# Thoughts on Fuji



## outback0322 (Oct 27, 2008)

Looking at buying a 2007 Fuji Team. Full carbon frame. Brand new from LBS. I've never had a Fuji before. Any thoughts, good or bad??


----------



## Rubber Lizard (May 10, 2007)

Fuji is no better or worse a brand than any other major bicycle brand. 
If you like it and it fits buy it, if not then get something else.


----------



## siclmn (Feb 7, 2004)

What a timely post. I just bought one a day ago and put 50 miles on today. I love it in every way possible. I am coming from two high end custom bikes, one steel and a ti-carbon mix. This bike blows them out of the water. Smooth ride, stiff when pounding on the pedals, all day comfort. It got looks and comments today too. Highly recommended. I paid $1400 for it.


----------



## Dajianshan (Jul 15, 2007)

They are pretty good bikes and well speced for the price.


----------



## rc2 (Oct 4, 2005)

siclmn said:


> I am coming from two high end custom bikes, one steel and a ti-carbon mix. This bike blows them out of the water. ...$1400 for it.


Now that's actually interesting. 1400 for a bike that 'blows out' a high end ti-carbon fiber frame (XS?) which would cost in the 6-8000 range, or roughly 5x the bucks. What, can I ask, was the high end ti frame? And can you elaborate on what is behind 'blows them out of the water'?

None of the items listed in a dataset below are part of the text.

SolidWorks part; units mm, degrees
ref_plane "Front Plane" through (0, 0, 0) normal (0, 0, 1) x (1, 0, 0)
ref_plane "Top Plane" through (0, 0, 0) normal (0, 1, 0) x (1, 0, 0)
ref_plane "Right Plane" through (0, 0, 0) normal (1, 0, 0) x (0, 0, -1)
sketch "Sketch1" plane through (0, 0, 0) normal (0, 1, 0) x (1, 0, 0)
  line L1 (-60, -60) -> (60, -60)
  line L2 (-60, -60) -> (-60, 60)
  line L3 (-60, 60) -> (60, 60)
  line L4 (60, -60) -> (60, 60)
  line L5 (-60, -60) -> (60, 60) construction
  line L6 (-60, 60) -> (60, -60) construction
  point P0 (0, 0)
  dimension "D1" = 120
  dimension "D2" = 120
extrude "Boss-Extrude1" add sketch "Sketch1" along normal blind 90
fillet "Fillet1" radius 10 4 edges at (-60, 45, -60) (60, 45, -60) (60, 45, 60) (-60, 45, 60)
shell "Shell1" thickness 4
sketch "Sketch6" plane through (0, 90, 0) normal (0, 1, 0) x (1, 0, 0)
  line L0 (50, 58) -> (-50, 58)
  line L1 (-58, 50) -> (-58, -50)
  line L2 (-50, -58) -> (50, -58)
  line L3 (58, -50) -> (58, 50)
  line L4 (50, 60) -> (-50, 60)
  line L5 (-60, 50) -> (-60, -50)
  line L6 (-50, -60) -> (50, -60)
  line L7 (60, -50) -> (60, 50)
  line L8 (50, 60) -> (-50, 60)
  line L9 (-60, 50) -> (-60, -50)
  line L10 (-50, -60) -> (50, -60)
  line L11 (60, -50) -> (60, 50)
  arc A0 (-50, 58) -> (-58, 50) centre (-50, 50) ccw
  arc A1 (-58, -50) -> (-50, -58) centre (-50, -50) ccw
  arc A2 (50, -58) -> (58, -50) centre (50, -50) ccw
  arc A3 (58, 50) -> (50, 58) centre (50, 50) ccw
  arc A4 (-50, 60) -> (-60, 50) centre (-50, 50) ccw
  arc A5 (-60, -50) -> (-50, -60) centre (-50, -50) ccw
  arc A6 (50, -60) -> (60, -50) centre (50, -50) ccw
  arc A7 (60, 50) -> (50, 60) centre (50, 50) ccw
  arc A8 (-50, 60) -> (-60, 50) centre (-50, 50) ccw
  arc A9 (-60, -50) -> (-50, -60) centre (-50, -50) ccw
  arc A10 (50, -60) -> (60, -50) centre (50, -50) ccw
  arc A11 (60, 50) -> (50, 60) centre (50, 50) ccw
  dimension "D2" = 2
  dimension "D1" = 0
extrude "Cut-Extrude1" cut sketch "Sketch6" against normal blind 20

I've typically found little ride difference between high-end frames (assuming they are built for the same purpose -- eg, stiff racer, or flexy century/comfort, or ...). Interested in your elaboration.


----------



## siclmn (Feb 7, 2004)

rc2 said:


> Now that's actually interesting. 1400 for a bike that 'blows out' a high end ti-carbon fiber frame (XS?) which would cost in the 6-8000 range, or roughly 5x the bucks. What, can I ask, was the high end ti frame? And can you elaborate on what is behind 'blows them out of the water'?
> 
> I've typically found little ride difference between high-end frames (assuming they are built for the same purpose -- eg, stiff racer, or flexy century/comfort, or ...). Interested in your elaboration.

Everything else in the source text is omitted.